##### DATA PROVIDED

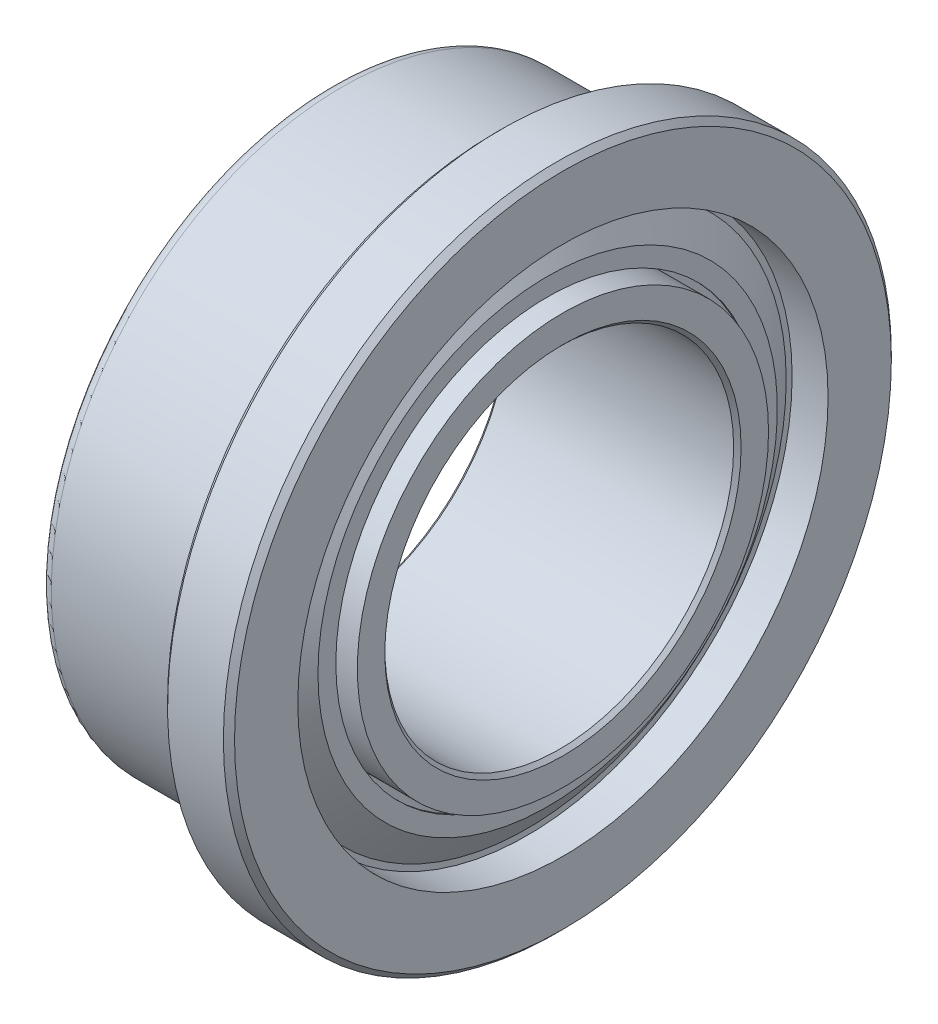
ISO-10303-21;
HEADER;
FILE_DESCRIPTION(('STEP AP214'),'2;1');
FILE_NAME('part.step','',(''),(''),'','','');
FILE_SCHEMA(('AUTOMOTIVE_DESIGN { 1 0 10303 214 1 1 1 1 }'));
ENDSEC;
DATA;
#1=APPLICATION_CONTEXT('core data for automotive mechanical design processes');
#2=APPLICATION_PROTOCOL_DEFINITION('international standard','automotive_design',2000,#1);
#3=PRODUCT_CONTEXT('',#1,'mechanical');
#4=PRODUCT('Part','Part','',(#3));
#5=PRODUCT_RELATED_PRODUCT_CATEGORY('part','',(#4));
#6=PRODUCT_DEFINITION_FORMATION('','',#4);
#7=PRODUCT_DEFINITION_CONTEXT('part definition',#1,'design');
#8=PRODUCT_DEFINITION('design','',#6,#7);
#9=PRODUCT_DEFINITION_SHAPE('','',#8);
#10=(LENGTH_UNIT() NAMED_UNIT(*) SI_UNIT(.MILLI.,.METRE.));
#11=(NAMED_UNIT(*) PLANE_ANGLE_UNIT() SI_UNIT($,.RADIAN.));
#12=(NAMED_UNIT(*) SI_UNIT($,.STERADIAN.) SOLID_ANGLE_UNIT());
#13=UNCERTAINTY_MEASURE_WITH_UNIT(LENGTH_MEASURE(1.E-05),#10,'distance_accuracy_value','');
#14=(GEOMETRIC_REPRESENTATION_CONTEXT(3) GLOBAL_UNCERTAINTY_ASSIGNED_CONTEXT((#13)) GLOBAL_UNIT_ASSIGNED_CONTEXT((#10,
#11,#12)) REPRESENTATION_CONTEXT('',''));
#15=CARTESIAN_POINT('',(0.,0.,0.));
#16=DIRECTION('',(0.,0.,1.));
#17=DIRECTION('',(1.,0.,0.));
#18=AXIS2_PLACEMENT_3D('',#15,#16,#17);
#19=CARTESIAN_POINT('',(1.58750000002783,0.,0.));
#20=DIRECTION('',(1.,0.,0.));
#21=DIRECTION('',(0.,0.,-1.));
#22=AXIS2_PLACEMENT_3D('',#19,#20,#21);
#23=CONICAL_SURFACE('',#22,2.43205000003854,0.785398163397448);
#24=CARTESIAN_POINT('',(1.58750000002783,0.,0.));
#25=DIRECTION('',(1.,0.,0.));
#26=DIRECTION('',(0.,0.,-1.));
#27=AXIS2_PLACEMENT_3D('',#24,#25,#26);
#28=CIRCLE('',#27,2.43205000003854);
#29=CARTESIAN_POINT('',(1.58750000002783,0.,-2.43205000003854));
#30=VERTEX_POINT('',#29);
#31=EDGE_CURVE('E47',#30,#30,#28,.F.);
#32=ORIENTED_EDGE('',*,*,#31,.F.);
#33=EDGE_LOOP('',(#32));
#34=FACE_BOUND('',#33,.T.);
#35=CARTESIAN_POINT('',(1.5367,0.,0.));
#36=DIRECTION('',(1.,0.,0.));
#37=DIRECTION('',(0.,0.,-1.));
#38=AXIS2_PLACEMENT_3D('',#35,#36,#37);
#39=CIRCLE('',#38,2.38125);
#40=CARTESIAN_POINT('',(1.5367,0.,-2.38125));
#41=VERTEX_POINT('',#40);
#42=EDGE_CURVE('E50',#41,#41,#39,.F.);
#43=ORIENTED_EDGE('',*,*,#42,.T.);
#44=EDGE_LOOP('',(#43));
#45=FACE_BOUND('',#44,.T.);
#46=ADVANCED_FACE('F16',(#34,#45),#23,.F.);
#47=CARTESIAN_POINT('',(1.5875,0.,0.));
#48=DIRECTION('',(1.,0.,0.));
#49=DIRECTION('',(0.,0.,-1.));
#50=AXIS2_PLACEMENT_3D('',#47,#48,#49);
#51=PLANE('',#50);
#52=ORIENTED_EDGE('',*,*,#31,.T.);
#53=EDGE_LOOP('',(#52));
#54=FACE_BOUND('',#53,.T.);
#55=CARTESIAN_POINT('',(1.5875,0.,0.));
#56=DIRECTION('',(1.,0.,0.));
#57=DIRECTION('',(0.,0.,-1.));
#58=AXIS2_PLACEMENT_3D('',#55,#56,#57);
#59=CIRCLE('',#58,2.8067);
#60=CARTESIAN_POINT('',(1.5875,0.,-2.8067));
#61=VERTEX_POINT('',#60);
#62=EDGE_CURVE('E51',#61,#61,#59,.F.);
#63=ORIENTED_EDGE('',*,*,#62,.F.);
#64=EDGE_LOOP('',(#63));
#65=FACE_BOUND('',#64,.T.);
#66=ADVANCED_FACE('F290',(#54,#65),#51,.T.);
#67=CARTESIAN_POINT('',(-1.74625,0.,0.));
#68=DIRECTION('',(1.,0.,0.));
#69=DIRECTION('',(0.,0.,-1.));
#70=AXIS2_PLACEMENT_3D('',#67,#68,#69);
#71=CYLINDRICAL_SURFACE('',#70,2.38125);
#72=ORIENTED_EDGE('',*,*,#42,.F.);
#73=EDGE_LOOP('',(#72));
#74=FACE_BOUND('',#73,.T.);
#75=CARTESIAN_POINT('',(-1.53669999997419,0.,0.));
#76=DIRECTION('',(-1.,0.,0.));
#77=DIRECTION('',(0.,1.,0.));
#78=AXIS2_PLACEMENT_3D('',#75,#76,#77);
#79=CIRCLE('',#78,2.3812499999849);
#80=CARTESIAN_POINT('',(-1.53669999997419,2.3812499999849,0.));
#81=VERTEX_POINT('',#80);
#82=EDGE_CURVE('E54',#81,#81,#79,.T.);
#83=ORIENTED_EDGE('',*,*,#82,.T.);
#84=EDGE_LOOP('',(#83));
#85=FACE_BOUND('',#84,.T.);
#86=ADVANCED_FACE('F287',(#74,#85),#71,.F.);
#87=CARTESIAN_POINT('',(-1.74625,0.,0.));
#88=DIRECTION('',(1.,0.,0.));
#89=DIRECTION('',(0.,0.,-1.));
#90=AXIS2_PLACEMENT_3D('',#87,#88,#89);
#91=CYLINDRICAL_SURFACE('',#90,2.8067);
#92=CARTESIAN_POINT('',(0.79375,0.,0.));
#93=DIRECTION('',(1.,0.,0.));
#94=DIRECTION('',(0.,0.,-1.));
#95=AXIS2_PLACEMENT_3D('',#92,#93,#94);
#96=CIRCLE('',#95,2.8067);
#97=CARTESIAN_POINT('',(0.79375,0.,-2.8067));
#98=VERTEX_POINT('',#97);
#99=EDGE_CURVE('E55',#98,#98,#96,.F.);
#100=ORIENTED_EDGE('',*,*,#99,.F.);
#101=EDGE_LOOP('',(#100));
#102=FACE_BOUND('',#101,.T.);
#103=ORIENTED_EDGE('',*,*,#62,.T.);
#104=EDGE_LOOP('',(#103));
#105=FACE_BOUND('',#104,.T.);
#106=ADVANCED_FACE('F283',(#102,#105),#91,.T.);
#107=CARTESIAN_POINT('',(-1.58750000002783,0.,0.));
#108=DIRECTION('',(-1.,0.,0.));
#109=DIRECTION('',(0.,0.,1.));
#110=AXIS2_PLACEMENT_3D('',#107,#108,#109);
#111=CONICAL_SURFACE('',#110,2.43205000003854,0.785398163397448);
#112=ORIENTED_EDGE('',*,*,#82,.F.);
#113=EDGE_LOOP('',(#112));
#114=FACE_BOUND('',#113,.T.);
#115=CARTESIAN_POINT('',(-1.58750000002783,0.,0.));
#116=DIRECTION('',(-1.,0.,0.));
#117=DIRECTION('',(0.,0.,1.));
#118=AXIS2_PLACEMENT_3D('',#115,#116,#117);
#119=CIRCLE('',#118,2.43205000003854);
#120=CARTESIAN_POINT('',(-1.58750000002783,0.,2.43205000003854));
#121=VERTEX_POINT('',#120);
#122=EDGE_CURVE('E58',#121,#121,#119,.T.);
#123=ORIENTED_EDGE('',*,*,#122,.T.);
#124=EDGE_LOOP('',(#123));
#125=FACE_BOUND('',#124,.T.);
#126=ADVANCED_FACE('F279',(#114,#125),#111,.F.);
#127=CARTESIAN_POINT('',(0.79375,0.,0.));
#128=DIRECTION('',(1.,0.,0.));
#129=DIRECTION('',(0.,0.,-1.));
#130=AXIS2_PLACEMENT_3D('',#127,#128,#129);
#131=PLANE('',#130);
#132=ORIENTED_EDGE('',*,*,#99,.T.);
#133=EDGE_LOOP('',(#132));
#134=FACE_BOUND('',#133,.T.);
#135=CARTESIAN_POINT('',(0.79375,0.,0.));
#136=DIRECTION('',(1.,0.,0.));
#137=DIRECTION('',(0.,0.,-1.));
#138=AXIS2_PLACEMENT_3D('',#135,#136,#137);
#139=CIRCLE('',#138,3.6195);
#140=CARTESIAN_POINT('',(0.79375,0.,-3.6195));
#141=VERTEX_POINT('',#140);
#142=EDGE_CURVE('E61',#141,#141,#139,.T.);
#143=ORIENTED_EDGE('',*,*,#142,.T.);
#144=EDGE_LOOP('',(#143));
#145=FACE_BOUND('',#144,.T.);
#146=ADVANCED_FACE('F275',(#134,#145),#131,.T.);
#147=CARTESIAN_POINT('',(-1.5875,0.,0.));
#148=DIRECTION('',(1.,0.,0.));
#149=DIRECTION('',(0.,0.,-1.));
#150=AXIS2_PLACEMENT_3D('',#147,#148,#149);
#151=PLANE('',#150);
#152=ORIENTED_EDGE('',*,*,#122,.F.);
#153=EDGE_LOOP('',(#152));
#154=FACE_BOUND('',#153,.T.);
#155=CARTESIAN_POINT('',(-1.5875,0.,0.));
#156=DIRECTION('',(1.,0.,0.));
#157=DIRECTION('',(0.,0.,-1.));
#158=AXIS2_PLACEMENT_3D('',#155,#156,#157);
#159=CIRCLE('',#158,2.8067);
#160=CARTESIAN_POINT('',(-1.5875,0.,-2.8067));
#161=VERTEX_POINT('',#160);
#162=EDGE_CURVE('E64',#161,#161,#159,.T.);
#163=ORIENTED_EDGE('',*,*,#162,.F.);
#164=EDGE_LOOP('',(#163));
#165=FACE_BOUND('',#164,.T.);
#166=ADVANCED_FACE('F271',(#154,#165),#151,.F.);
#167=CARTESIAN_POINT('',(-1.74625,0.,0.));
#168=DIRECTION('',(1.,0.,0.));
#169=DIRECTION('',(0.,0.,-1.));
#170=AXIS2_PLACEMENT_3D('',#167,#168,#169);
#171=CYLINDRICAL_SURFACE('',#170,3.6195);
#172=ORIENTED_EDGE('',*,*,#142,.F.);
#173=EDGE_LOOP('',(#172));
#174=FACE_BOUND('',#173,.T.);
#175=CARTESIAN_POINT('',(1.0715625,0.,0.));
#176=DIRECTION('',(1.,0.,0.));
#177=DIRECTION('',(0.,0.,-1.));
#178=AXIS2_PLACEMENT_3D('',#175,#176,#177);
#179=CIRCLE('',#178,3.6195);
#180=CARTESIAN_POINT('',(1.0715625,0.,-3.6195));
#181=VERTEX_POINT('',#180);
#182=EDGE_CURVE('E67',#181,#181,#179,.T.);
#183=ORIENTED_EDGE('',*,*,#182,.T.);
#184=EDGE_LOOP('',(#183));
#185=FACE_BOUND('',#184,.T.);
#186=ADVANCED_FACE('F267',(#174,#185),#171,.F.);
#187=CARTESIAN_POINT('',(-1.74625,0.,0.));
#188=DIRECTION('',(1.,0.,0.));
#189=DIRECTION('',(0.,0.,-1.));
#190=AXIS2_PLACEMENT_3D('',#187,#188,#189);
#191=CYLINDRICAL_SURFACE('',#190,2.8067);
#192=ORIENTED_EDGE('',*,*,#162,.T.);
#193=EDGE_LOOP('',(#192));
#194=FACE_BOUND('',#193,.T.);
#195=CARTESIAN_POINT('',(-0.79375,0.,0.));
#196=DIRECTION('',(1.,0.,0.));
#197=DIRECTION('',(0.,0.,-1.));
#198=AXIS2_PLACEMENT_3D('',#195,#196,#197);
#199=CIRCLE('',#198,2.8067);
#200=CARTESIAN_POINT('',(-0.79375,0.,-2.8067));
#201=VERTEX_POINT('',#200);
#202=EDGE_CURVE('E70',#201,#201,#199,.F.);
#203=ORIENTED_EDGE('',*,*,#202,.T.);
#204=EDGE_LOOP('',(#203));
#205=FACE_BOUND('',#204,.T.);
#206=ADVANCED_FACE('F263',(#194,#205),#191,.T.);
#207=CARTESIAN_POINT('',(1.0715625,0.,0.));
#208=DIRECTION('',(1.,0.,0.));
#209=DIRECTION('',(0.,0.,-1.));
#210=AXIS2_PLACEMENT_3D('',#207,#208,#209);
#211=PLANE('',#210);
#212=CARTESIAN_POINT('',(1.0715624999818,0.,0.));
#213=DIRECTION('',(-1.,0.,0.));
#214=DIRECTION('',(0.,0.,1.));
#215=AXIS2_PLACEMENT_3D('',#212,#213,#214);
#216=CIRCLE('',#215,3.53021141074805);
#217=CARTESIAN_POINT('',(1.0715624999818,0.,3.53021141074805));
#218=VERTEX_POINT('',#217);
#219=EDGE_CURVE('E73',#218,#218,#216,.F.);
#220=ORIENTED_EDGE('',*,*,#219,.T.);
#221=EDGE_LOOP('',(#220));
#222=FACE_BOUND('',#221,.T.);
#223=ORIENTED_EDGE('',*,*,#182,.F.);
#224=EDGE_LOOP('',(#223));
#225=FACE_BOUND('',#224,.T.);
#226=ADVANCED_FACE('F259',(#222,#225),#211,.F.);
#227=CARTESIAN_POINT('',(-0.79375,0.,0.));
#228=DIRECTION('',(1.,0.,0.));
#229=DIRECTION('',(0.,0.,-1.));
#230=AXIS2_PLACEMENT_3D('',#227,#228,#229);
#231=PLANE('',#230);
#232=ORIENTED_EDGE('',*,*,#202,.F.);
#233=EDGE_LOOP('',(#232));
#234=FACE_BOUND('',#233,.T.);
#235=CARTESIAN_POINT('',(-0.79375,0.,0.));
#236=DIRECTION('',(1.,0.,0.));
#237=DIRECTION('',(0.,0.,-1.));
#238=AXIS2_PLACEMENT_3D('',#235,#236,#237);
#239=CIRCLE('',#238,3.6195);
#240=CARTESIAN_POINT('',(-0.79375,0.,-3.6195));
#241=VERTEX_POINT('',#240);
#242=EDGE_CURVE('E76',#241,#241,#239,.F.);
#243=ORIENTED_EDGE('',*,*,#242,.T.);
#244=EDGE_LOOP('',(#243));
#245=FACE_BOUND('',#244,.T.);
#246=ADVANCED_FACE('F255',(#234,#245),#231,.F.);
#247=CARTESIAN_POINT('',(1.07156250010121,0.,0.));
#248=DIRECTION('',(-1.,0.,0.));
#249=DIRECTION('',(0.,0.,1.));
#250=AXIS2_PLACEMENT_3D('',#247,#248,#249);
#251=CONICAL_SURFACE('',#250,3.53021141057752,0.959931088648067);
#252=ORIENTED_EDGE('',*,*,#219,.F.);
#253=EDGE_LOOP('',(#252));
#254=FACE_BOUND('',#253,.T.);
#255=CARTESIAN_POINT('',(1.35345905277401,0.,0.));
#256=DIRECTION('',(-1.,0.,0.));
#257=DIRECTION('',(0.,0.,1.));
#258=AXIS2_PLACEMENT_3D('',#255,#256,#257);
#259=CIRCLE('',#258,3.12762141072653);
#260=CARTESIAN_POINT('',(1.35345905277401,0.,3.12762141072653));
#261=VERTEX_POINT('',#260);
#262=EDGE_CURVE('E79',#261,#261,#259,.F.);
#263=ORIENTED_EDGE('',*,*,#262,.T.);
#264=EDGE_LOOP('',(#263));
#265=FACE_BOUND('',#264,.T.);
#266=ADVANCED_FACE('F251',(#254,#265),#251,.F.);
#267=CARTESIAN_POINT('',(-1.74625,0.,0.));
#268=DIRECTION('',(1.,0.,0.));
#269=DIRECTION('',(0.,0.,-1.));
#270=AXIS2_PLACEMENT_3D('',#267,#268,#269);
#271=CYLINDRICAL_SURFACE('',#270,3.6195);
#272=ORIENTED_EDGE('',*,*,#242,.F.);
#273=EDGE_LOOP('',(#272));
#274=FACE_BOUND('',#273,.T.);
#275=CARTESIAN_POINT('',(-1.0715625,0.,0.));
#276=DIRECTION('',(1.,0.,0.));
#277=DIRECTION('',(0.,0.,-1.));
#278=AXIS2_PLACEMENT_3D('',#275,#276,#277);
#279=CIRCLE('',#278,3.6195);
#280=CARTESIAN_POINT('',(-1.0715625,0.,-3.6195));
#281=VERTEX_POINT('',#280);
#282=EDGE_CURVE('E82',#281,#281,#279,.T.);
#283=ORIENTED_EDGE('',*,*,#282,.F.);
#284=EDGE_LOOP('',(#283));
#285=FACE_BOUND('',#284,.T.);
#286=ADVANCED_FACE('F247',(#274,#285),#271,.F.);
#287=CARTESIAN_POINT('',(1.35345905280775,0.,0.));
#288=DIRECTION('',(1.,0.,0.));
#289=DIRECTION('',(0.,0.,-1.));
#290=AXIS2_PLACEMENT_3D('',#287,#288,#289);
#291=PLANE('',#290);
#292=CARTESIAN_POINT('',(1.35345905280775,0.,0.));
#293=DIRECTION('',(1.,0.,0.));
#294=DIRECTION('',(0.,0.,-1.));
#295=AXIS2_PLACEMENT_3D('',#292,#293,#294);
#296=CIRCLE('',#295,2.89179);
#297=CARTESIAN_POINT('',(1.35345905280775,0.,-2.89179));
#298=VERTEX_POINT('',#297);
#299=EDGE_CURVE('E85',#298,#298,#296,.T.);
#300=ORIENTED_EDGE('',*,*,#299,.T.);
#301=EDGE_LOOP('',(#300));
#302=FACE_BOUND('',#301,.T.);
#303=ORIENTED_EDGE('',*,*,#262,.F.);
#304=EDGE_LOOP('',(#303));
#305=FACE_BOUND('',#304,.T.);
#306=ADVANCED_FACE('F243',(#302,#305),#291,.F.);
#307=CARTESIAN_POINT('',(-1.0715625,0.,0.));
#308=DIRECTION('',(1.,0.,0.));
#309=DIRECTION('',(0.,0.,-1.));
#310=AXIS2_PLACEMENT_3D('',#307,#308,#309);
#311=PLANE('',#310);
#312=CARTESIAN_POINT('',(-1.0715624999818,0.,0.));
#313=DIRECTION('',(1.,0.,0.));
#314=DIRECTION('',(0.,0.,-1.));
#315=AXIS2_PLACEMENT_3D('',#312,#313,#314);
#316=CIRCLE('',#315,3.53021141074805);
#317=CARTESIAN_POINT('',(-1.0715624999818,0.,-3.53021141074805));
#318=VERTEX_POINT('',#317);
#319=EDGE_CURVE('E88',#318,#318,#316,.F.);
#320=ORIENTED_EDGE('',*,*,#319,.T.);
#321=EDGE_LOOP('',(#320));
#322=FACE_BOUND('',#321,.T.);
#323=ORIENTED_EDGE('',*,*,#282,.T.);
#324=EDGE_LOOP('',(#323));
#325=FACE_BOUND('',#324,.T.);
#326=ADVANCED_FACE('F239',(#322,#325),#311,.T.);
#327=CARTESIAN_POINT('',(1.05619767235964,0.,0.));
#328=DIRECTION('',(1.,0.,0.));
#329=DIRECTION('',(0.,0.,-1.));
#330=AXIS2_PLACEMENT_3D('',#327,#328,#329);
#331=CYLINDRICAL_SURFACE('',#330,2.89179);
#332=CARTESIAN_POINT('',(1.37885905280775,0.,0.));
#333=DIRECTION('',(1.,0.,0.));
#334=DIRECTION('',(0.,0.,-1.));
#335=AXIS2_PLACEMENT_3D('',#332,#333,#334);
#336=CIRCLE('',#335,2.89179);
#337=CARTESIAN_POINT('',(1.37885905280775,0.,-2.89179));
#338=VERTEX_POINT('',#337);
#339=EDGE_CURVE('E91',#338,#338,#336,.F.);
#340=ORIENTED_EDGE('',*,*,#339,.F.);
#341=EDGE_LOOP('',(#340));
#342=FACE_BOUND('',#341,.T.);
#343=ORIENTED_EDGE('',*,*,#299,.F.);
#344=EDGE_LOOP('',(#343));
#345=FACE_BOUND('',#344,.T.);
#346=ADVANCED_FACE('F235',(#342,#345),#331,.F.);
#347=CARTESIAN_POINT('',(-1.07156250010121,0.,0.));
#348=DIRECTION('',(1.,0.,0.));
#349=DIRECTION('',(0.,0.,-1.));
#350=AXIS2_PLACEMENT_3D('',#347,#348,#349);
#351=CONICAL_SURFACE('',#350,3.53021141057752,0.959931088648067);
#352=ORIENTED_EDGE('',*,*,#319,.F.);
#353=EDGE_LOOP('',(#352));
#354=FACE_BOUND('',#353,.T.);
#355=CARTESIAN_POINT('',(-1.35345905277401,0.,0.));
#356=DIRECTION('',(1.,0.,0.));
#357=DIRECTION('',(0.,0.,-1.));
#358=AXIS2_PLACEMENT_3D('',#355,#356,#357);
#359=CIRCLE('',#358,3.12762141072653);
#360=CARTESIAN_POINT('',(-1.35345905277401,0.,-3.12762141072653));
#361=VERTEX_POINT('',#360);
#362=EDGE_CURVE('E94',#361,#361,#359,.T.);
#363=ORIENTED_EDGE('',*,*,#362,.F.);
#364=EDGE_LOOP('',(#363));
#365=FACE_BOUND('',#364,.T.);
#366=ADVANCED_FACE('F231',(#354,#365),#351,.F.);
#367=CARTESIAN_POINT('',(1.37885905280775,0.,0.));
#368=DIRECTION('',(1.,0.,0.));
#369=DIRECTION('',(0.,0.,-1.));
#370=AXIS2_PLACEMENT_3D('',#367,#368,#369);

##########

• EXERCISE DETAILS: Which lines above run from the one containing "#101=EDGE_LOOP('',(#100));" to the one containing "#125=FACE_BOUND('',#124,.T.);"? Give them again exactly, both ends included.

• ANSWER:
#101=EDGE_LOOP('',(#100));
#102=FACE_BOUND('',#101,.T.);
#103=ORIENTED_EDGE('',*,*,#62,.T.);
#104=EDGE_LOOP('',(#103));
#105=FACE_BOUND('',#104,.T.);
#106=ADVANCED_FACE('F283',(#102,#105),#91,.T.);
#107=CARTESIAN_POINT('',(-1.58750000002783,0.,0.));
#108=DIRECTION('',(-1.,0.,0.));
#109=DIRECTION('',(0.,0.,1.));
#110=AXIS2_PLACEMENT_3D('',#107,#108,#109);
#111=CONICAL_SURFACE('',#110,2.43205000003854,0.785398163397448);
#112=ORIENTED_EDGE('',*,*,#82,.F.);
#113=EDGE_LOOP('',(#112));
#114=FACE_BOUND('',#113,.T.);
#115=CARTESIAN_POINT('',(-1.58750000002783,0.,0.));
#116=DIRECTION('',(-1.,0.,0.));
#117=DIRECTION('',(0.,0.,1.));
#118=AXIS2_PLACEMENT_3D('',#115,#116,#117);
#119=CIRCLE('',#118,2.43205000003854);
#120=CARTESIAN_POINT('',(-1.58750000002783,0.,2.43205000003854));
#121=VERTEX_POINT('',#120);
#122=EDGE_CURVE('E58',#121,#121,#119,.T.);
#123=ORIENTED_EDGE('',*,*,#122,.T.);
#124=EDGE_LOOP('',(#123));
#125=FACE_BOUND('',#124,.T.);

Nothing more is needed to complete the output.